# Stuart Turner boiler feed pump



## Marty Feldman (Jun 12, 2012)

Has anyone here done the little S-T pump? I have a question about the function of a steam passage shown on the print.
                   -Marty, in Owl's Head, Maine-


----------



## engjas (Jun 14, 2012)

Hello Marty

I've recently acquired some castings for the Stuart Pump and am also puzzling out how it works and how to machine the parts. 

The drawing I have is #90085 and is dated 26 November 1976. There are however differences in dimensions and methods between the casting set I have and this drawing.

If you can identify the passages I'll try and help with the explanation.

Regards
John ???


----------



## arnoldb (Jun 14, 2012)

Hi Marty

If you can add an image of the section on the print showing the part with the mystery passage, it will help others to help you.

Kind regards, Arnold


----------



## rhankey (Jun 14, 2012)

Do post a section of the drawing and circle the passage way you are unsure of.

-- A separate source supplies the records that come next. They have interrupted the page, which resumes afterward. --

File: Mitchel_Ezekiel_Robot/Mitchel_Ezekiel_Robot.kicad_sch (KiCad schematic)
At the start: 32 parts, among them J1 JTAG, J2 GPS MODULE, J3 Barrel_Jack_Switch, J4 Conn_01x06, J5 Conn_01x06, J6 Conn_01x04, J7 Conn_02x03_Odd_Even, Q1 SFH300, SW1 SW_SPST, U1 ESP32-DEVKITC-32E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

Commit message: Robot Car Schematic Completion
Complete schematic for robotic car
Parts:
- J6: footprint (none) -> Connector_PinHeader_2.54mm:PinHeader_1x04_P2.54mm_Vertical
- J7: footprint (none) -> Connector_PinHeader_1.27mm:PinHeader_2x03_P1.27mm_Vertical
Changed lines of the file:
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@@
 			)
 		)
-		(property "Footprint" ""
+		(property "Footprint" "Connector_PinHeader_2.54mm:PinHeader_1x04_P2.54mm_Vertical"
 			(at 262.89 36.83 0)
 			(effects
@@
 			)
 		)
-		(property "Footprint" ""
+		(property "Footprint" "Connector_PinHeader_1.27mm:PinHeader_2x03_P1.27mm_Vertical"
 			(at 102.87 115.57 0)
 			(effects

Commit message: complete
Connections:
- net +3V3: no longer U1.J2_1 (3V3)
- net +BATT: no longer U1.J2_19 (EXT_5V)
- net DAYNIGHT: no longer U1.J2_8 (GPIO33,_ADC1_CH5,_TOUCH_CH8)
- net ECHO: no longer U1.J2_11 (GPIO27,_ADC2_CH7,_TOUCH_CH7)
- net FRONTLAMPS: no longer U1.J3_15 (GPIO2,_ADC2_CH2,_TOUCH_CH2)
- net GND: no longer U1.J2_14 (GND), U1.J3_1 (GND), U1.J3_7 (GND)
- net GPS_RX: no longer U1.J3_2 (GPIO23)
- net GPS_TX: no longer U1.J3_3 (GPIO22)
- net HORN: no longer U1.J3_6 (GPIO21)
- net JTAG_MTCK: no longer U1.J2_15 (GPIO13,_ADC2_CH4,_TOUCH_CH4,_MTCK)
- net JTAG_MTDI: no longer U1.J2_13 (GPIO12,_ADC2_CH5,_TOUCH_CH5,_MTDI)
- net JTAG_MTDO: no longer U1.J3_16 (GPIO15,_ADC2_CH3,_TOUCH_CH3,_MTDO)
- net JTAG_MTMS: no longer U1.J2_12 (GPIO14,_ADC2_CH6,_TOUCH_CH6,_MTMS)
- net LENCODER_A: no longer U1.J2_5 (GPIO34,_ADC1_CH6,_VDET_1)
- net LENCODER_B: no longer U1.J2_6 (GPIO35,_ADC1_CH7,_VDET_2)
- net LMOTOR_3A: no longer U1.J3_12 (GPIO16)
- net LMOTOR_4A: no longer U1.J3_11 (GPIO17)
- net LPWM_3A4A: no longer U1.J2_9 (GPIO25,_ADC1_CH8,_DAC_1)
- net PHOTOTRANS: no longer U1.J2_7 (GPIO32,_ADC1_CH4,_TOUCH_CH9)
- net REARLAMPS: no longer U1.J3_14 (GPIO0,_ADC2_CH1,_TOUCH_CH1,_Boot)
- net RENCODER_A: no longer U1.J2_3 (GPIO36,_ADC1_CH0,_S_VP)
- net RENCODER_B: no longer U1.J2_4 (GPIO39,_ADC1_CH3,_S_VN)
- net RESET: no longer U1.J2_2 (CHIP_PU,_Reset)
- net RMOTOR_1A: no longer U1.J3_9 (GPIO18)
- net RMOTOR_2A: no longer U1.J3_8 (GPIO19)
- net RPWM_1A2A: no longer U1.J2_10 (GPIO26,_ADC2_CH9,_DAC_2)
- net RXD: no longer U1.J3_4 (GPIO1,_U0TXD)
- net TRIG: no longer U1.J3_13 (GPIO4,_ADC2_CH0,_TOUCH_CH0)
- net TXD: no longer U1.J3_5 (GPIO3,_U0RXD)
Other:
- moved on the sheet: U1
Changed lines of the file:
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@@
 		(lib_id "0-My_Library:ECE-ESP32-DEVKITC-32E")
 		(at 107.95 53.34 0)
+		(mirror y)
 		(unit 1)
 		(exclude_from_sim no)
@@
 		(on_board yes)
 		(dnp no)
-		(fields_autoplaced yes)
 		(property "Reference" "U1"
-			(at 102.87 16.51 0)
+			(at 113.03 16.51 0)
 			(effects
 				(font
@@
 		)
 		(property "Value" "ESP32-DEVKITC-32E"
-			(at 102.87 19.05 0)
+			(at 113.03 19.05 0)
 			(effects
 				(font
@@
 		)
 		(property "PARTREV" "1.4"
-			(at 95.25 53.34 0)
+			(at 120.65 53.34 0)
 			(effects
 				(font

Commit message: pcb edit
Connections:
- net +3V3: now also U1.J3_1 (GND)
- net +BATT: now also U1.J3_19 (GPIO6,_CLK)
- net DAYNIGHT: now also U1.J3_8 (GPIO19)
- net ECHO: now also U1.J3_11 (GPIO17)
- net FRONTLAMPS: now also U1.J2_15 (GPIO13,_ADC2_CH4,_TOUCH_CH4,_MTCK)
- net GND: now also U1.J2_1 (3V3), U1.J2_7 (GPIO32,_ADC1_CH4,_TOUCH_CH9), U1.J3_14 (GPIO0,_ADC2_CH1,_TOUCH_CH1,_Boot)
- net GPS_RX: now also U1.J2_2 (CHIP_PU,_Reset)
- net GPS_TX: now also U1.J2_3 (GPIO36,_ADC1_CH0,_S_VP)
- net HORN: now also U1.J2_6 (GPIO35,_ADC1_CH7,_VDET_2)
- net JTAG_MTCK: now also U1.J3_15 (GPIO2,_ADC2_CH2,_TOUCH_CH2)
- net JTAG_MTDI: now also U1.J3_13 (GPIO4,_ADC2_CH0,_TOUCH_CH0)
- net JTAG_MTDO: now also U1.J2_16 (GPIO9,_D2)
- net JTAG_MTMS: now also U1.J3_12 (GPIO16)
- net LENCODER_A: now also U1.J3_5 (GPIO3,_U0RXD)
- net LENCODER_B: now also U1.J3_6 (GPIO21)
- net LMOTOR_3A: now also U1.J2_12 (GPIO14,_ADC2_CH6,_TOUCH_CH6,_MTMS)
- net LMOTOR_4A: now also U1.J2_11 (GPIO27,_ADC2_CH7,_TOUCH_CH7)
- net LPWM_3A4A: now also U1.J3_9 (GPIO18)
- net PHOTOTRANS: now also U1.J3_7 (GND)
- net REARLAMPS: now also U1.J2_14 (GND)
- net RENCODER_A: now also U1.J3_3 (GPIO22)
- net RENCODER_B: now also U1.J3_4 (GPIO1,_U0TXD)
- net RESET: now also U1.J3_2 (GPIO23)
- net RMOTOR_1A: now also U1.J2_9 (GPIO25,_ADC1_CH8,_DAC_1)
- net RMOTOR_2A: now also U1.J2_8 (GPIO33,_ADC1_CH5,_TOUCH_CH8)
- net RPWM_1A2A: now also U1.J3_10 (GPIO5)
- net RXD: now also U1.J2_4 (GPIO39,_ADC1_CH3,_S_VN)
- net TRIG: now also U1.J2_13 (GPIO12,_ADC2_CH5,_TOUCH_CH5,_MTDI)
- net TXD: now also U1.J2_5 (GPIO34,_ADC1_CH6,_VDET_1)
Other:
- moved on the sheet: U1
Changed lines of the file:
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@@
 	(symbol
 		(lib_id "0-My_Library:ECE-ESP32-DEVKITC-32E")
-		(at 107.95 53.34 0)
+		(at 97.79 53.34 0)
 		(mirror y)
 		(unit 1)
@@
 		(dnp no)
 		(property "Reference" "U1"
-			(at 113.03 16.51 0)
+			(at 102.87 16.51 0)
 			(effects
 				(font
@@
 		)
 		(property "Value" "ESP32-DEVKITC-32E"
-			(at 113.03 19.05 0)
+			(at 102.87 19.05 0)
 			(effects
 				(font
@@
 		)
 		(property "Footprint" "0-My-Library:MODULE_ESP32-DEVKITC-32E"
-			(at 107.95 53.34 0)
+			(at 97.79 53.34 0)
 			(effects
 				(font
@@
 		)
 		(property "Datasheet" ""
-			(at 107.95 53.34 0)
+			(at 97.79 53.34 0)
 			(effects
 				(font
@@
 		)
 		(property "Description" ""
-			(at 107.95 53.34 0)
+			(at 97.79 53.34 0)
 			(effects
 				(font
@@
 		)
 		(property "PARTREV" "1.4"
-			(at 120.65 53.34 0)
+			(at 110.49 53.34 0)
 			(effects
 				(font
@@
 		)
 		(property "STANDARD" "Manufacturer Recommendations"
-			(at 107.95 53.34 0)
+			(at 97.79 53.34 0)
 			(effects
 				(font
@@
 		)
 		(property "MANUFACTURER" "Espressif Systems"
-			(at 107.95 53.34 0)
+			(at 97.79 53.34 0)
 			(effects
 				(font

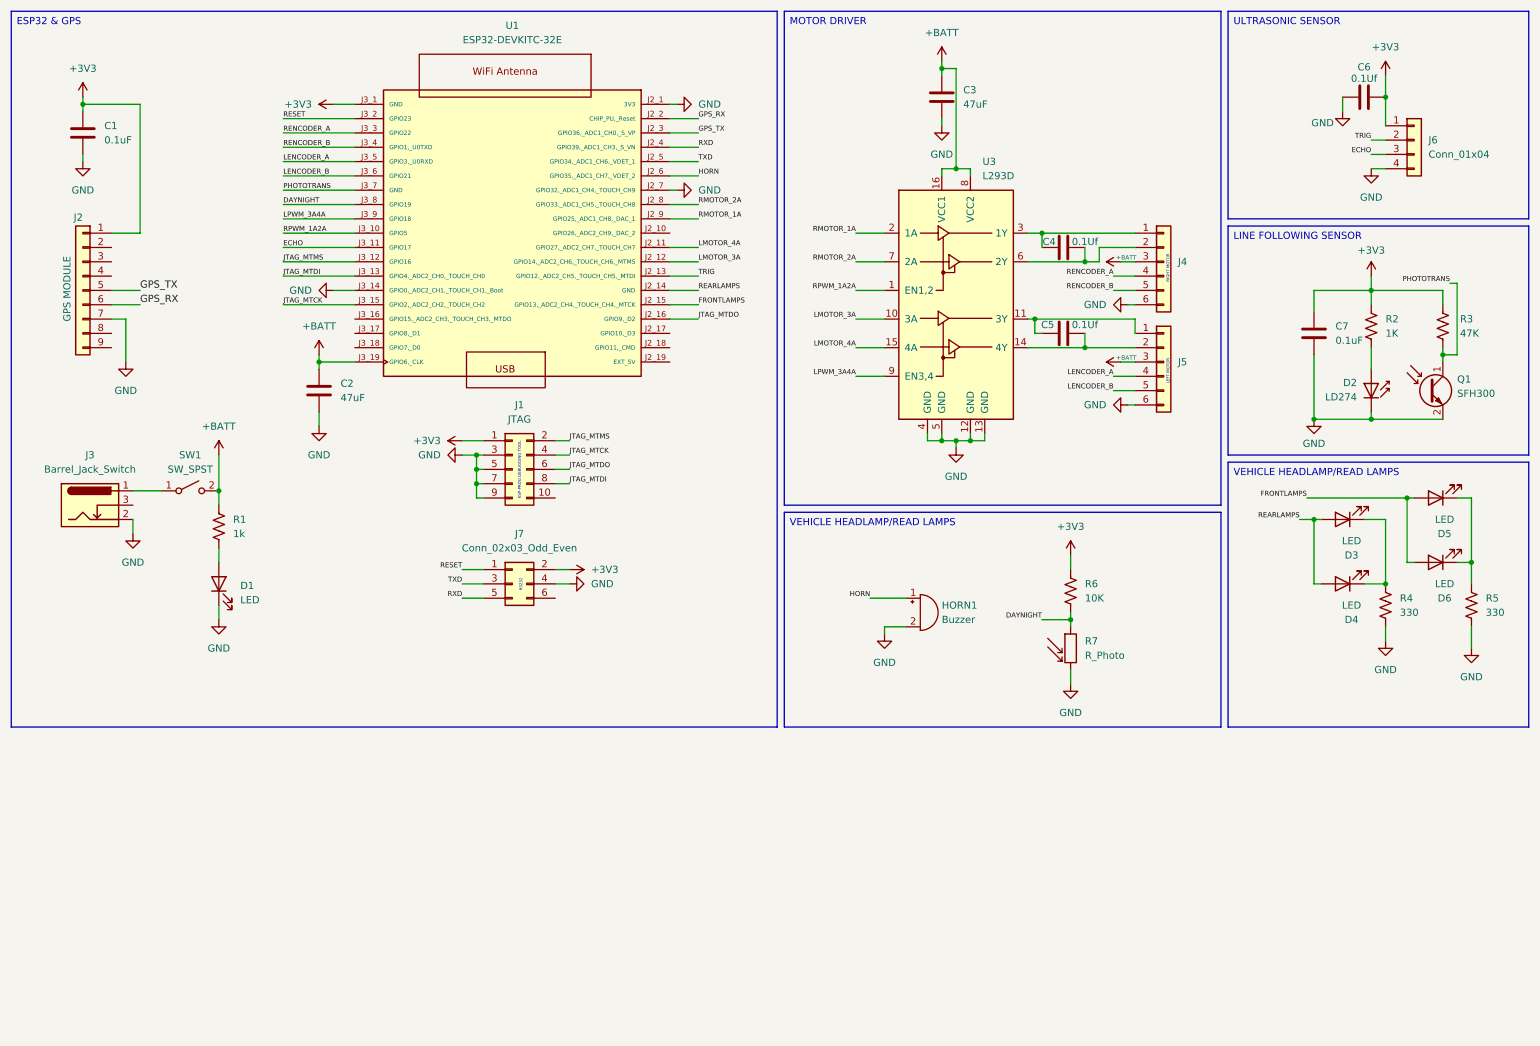
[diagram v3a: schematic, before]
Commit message: watchdog - threshold bar - line error
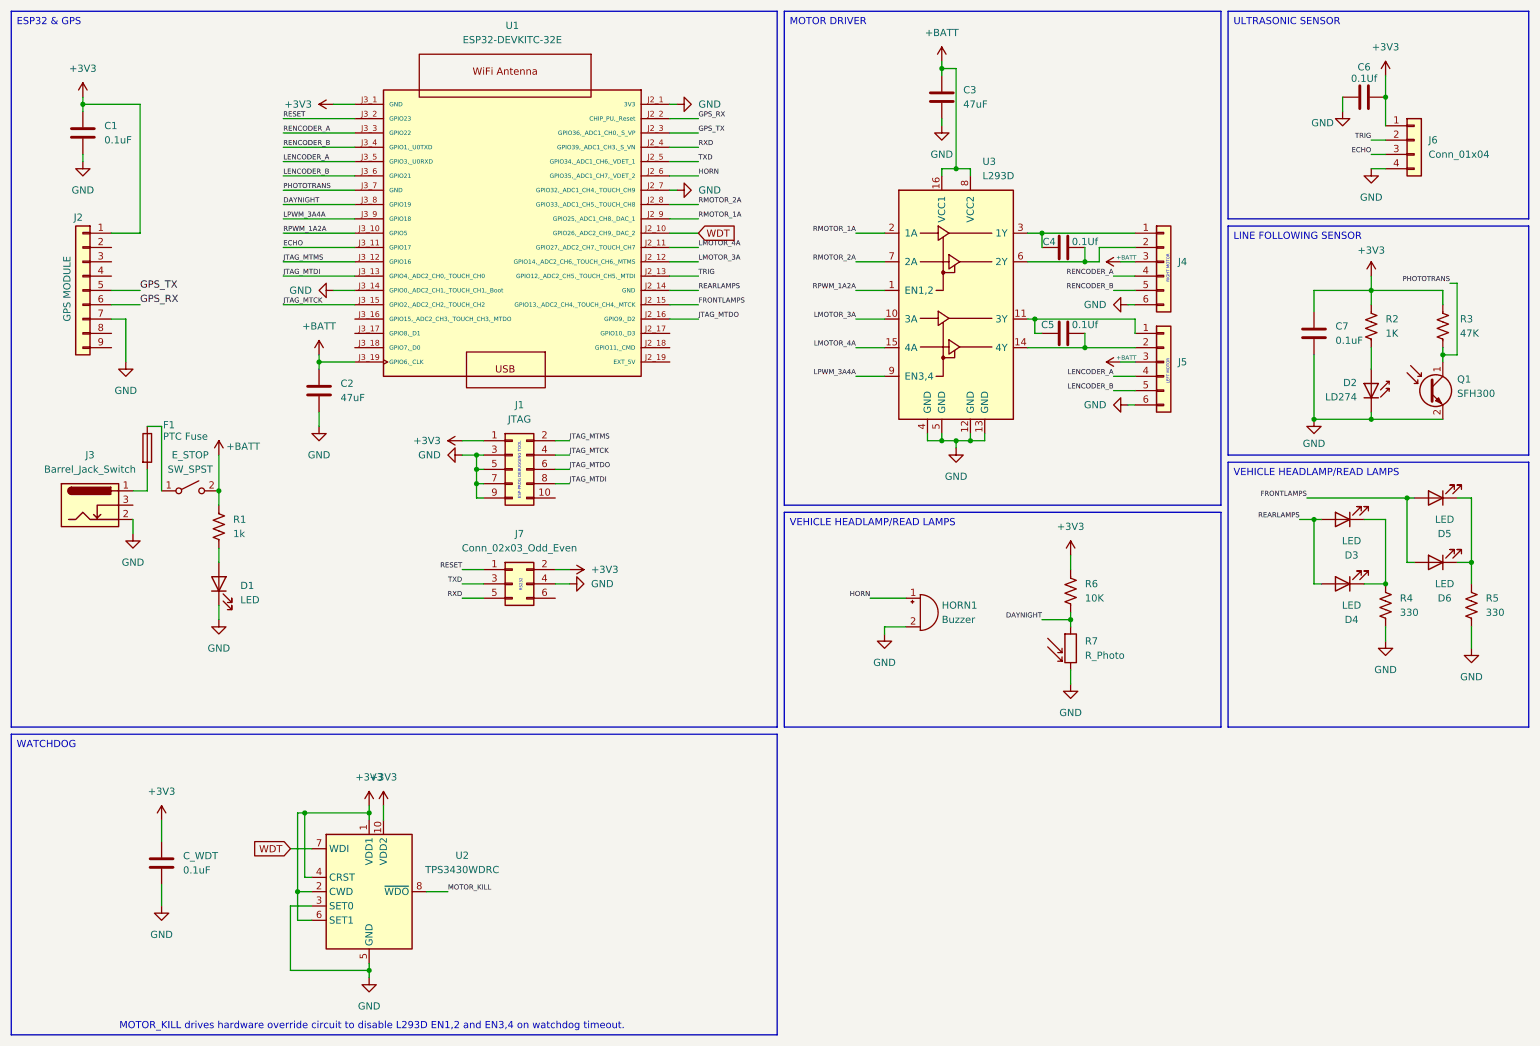
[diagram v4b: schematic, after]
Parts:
- added C_WDT: 0.1uF, symbol Device:C
- added F1: PTC Fuse, symbol Device:Fuse
- added U2: TPS3430WDRC, Package_SON:VSON-10-1EP_3x3mm_P0.5mm_EP1.65x2.4mm, symbol Power_Supervisor:TPS3430WDRC
- renumbered SW1 to E_STOP
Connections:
- net +3V3: now also C_WDT.1, U2.1 (VDD1), U2.10 (VDD2), U2.2 (CWD), U2.4 (CRST), U2.6 (SET1)
- net GND: now also C_WDT.2, U2.11 (GND), U2.3 (SET0), U2.5 (GND)
- net at J3.1: now also F1.2; no longer E_STOP.1 (A)
- net WDT: now reaches U1.J2_10 (GPIO26,_ADC2_CH9,_DAC_2)
- net WDT: now also U2.7 (WDI)
- new net: E_STOP.1 (A), F1.1
- new net MOTOR_KILL: U2.8 (~{WDO})
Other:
- note added: "MOTOR_KILL drives hardware override circuit to disable L293D EN1,2 and EN3,4 on watchdog timeout."

If it is the manual feed pump to which you refer, it can't be too difficult for us to figure out. I might also be able to figure it out based on the plans for the Stuart triple that I'm building which includes two pumps (water and air). The pumps on the triple look a little different than the manula feed pump, but I suspect they function pretty much the same internally. Other than being unsure how much clearances to allow for the pistons, I have had no trouble decoding the drawings and the vrious passage ways.

Robin


----------



## rklopp (Jun 15, 2012)

If you mean the single cylinder steam driven pump, I built one years ago. I have the plans stashed someplace, so fire away with questions.


----------



## Marty Feldman (Jun 26, 2012)

The pump is a single cylinder steam pump. The 2 pictures below are from the print that came with the Stuart turner castings. It does not have a number or a date, but it is an original ST print. 












The upper picture shows the valve chamber. A mystery to me has to do with the 'T' shaped passage I have hand-colored in red, somewhat faintly, on the left side of the drawing. The short vertical stem of the 'T' is the steam-in to the pump. The longer horizontal part of the 'T' shows two very small holes, one on the left and one on the right, drilled at right angles to the longer horizontal part of the 'T'. They look like little black dots on the print. What are those 2 holes for?

The second of the two pictures shows the cylinder to which the valve chest mates.

Sorry about the miserable resolution of the photographs. I can no longer get Photobucket to behave as it used to. Doing a digitized scan of the print might be the right avenue for conveying a clear image.


----------



## Blogwitch (Jun 26, 2012)

MF,

Having blown them up a little and sharpened as well, it is still rather difficult to read.

The conclusion that I came to is that it is the steam inlet (the small piece of the 'T') and a spool (piston) valve goes into the long part of the 'T'.

As the piston valve is moved in and out by the piston rod of the main cylinder (going to the pump itself) it will feed steam to either end of the cylinder, making the piston go in and out. Basically, a piston valve engine.

So turn on steam, and the unit will just go backwards and forwards, driving the pump on the other end of the main piston rod, whilst at the same time, moving the spool valve so that feeds steam to the top and bottom of the piston and so on and so on and so on......................... continuous motion, and water pumped, until steam is cut off.

John


----------



## Charles Lamont (Jun 26, 2012)

The valve worked from this piston rod controls a loose shuttle valve which in turn controls the steam distribution to the 
cylinder. I have not made one of these (though I have often thought of doing so - some time) so I cannot be of more help without
a better look at the drawings, including the valves.

This may help a bit:

http://www.modelboatmayhem.co.uk/forum/index.php?topic=29412.0


----------



## KBC (Jun 30, 2012)

Hi Marty,

In answer to your question ( WHAT ARE THE 2- HOLES FOR ) the 2- holes that you wish to know about are exhaust ports, they link up to the 2- holes on the face of the cylinder and connect to the exhaust outlet via the 'T' shaped dotted drilled holes going to the 3/16 x 40 tapped outlet.
If you look on the cross sectional plan of the steam chest the 2- 20deg holes coming in from each end of the 1/4" dia shuttle valve hole this carries the exhaust from the piston up thro" the shuttle valve and then transfers to the cylinder exhaust holes.

When you make the 5/32" dia auxiliary valve keep the edges a sharp as possible with dimensions strickland to the drawing, like wise on the shuttle valve.
Hope this answers your question.

Geo.


----------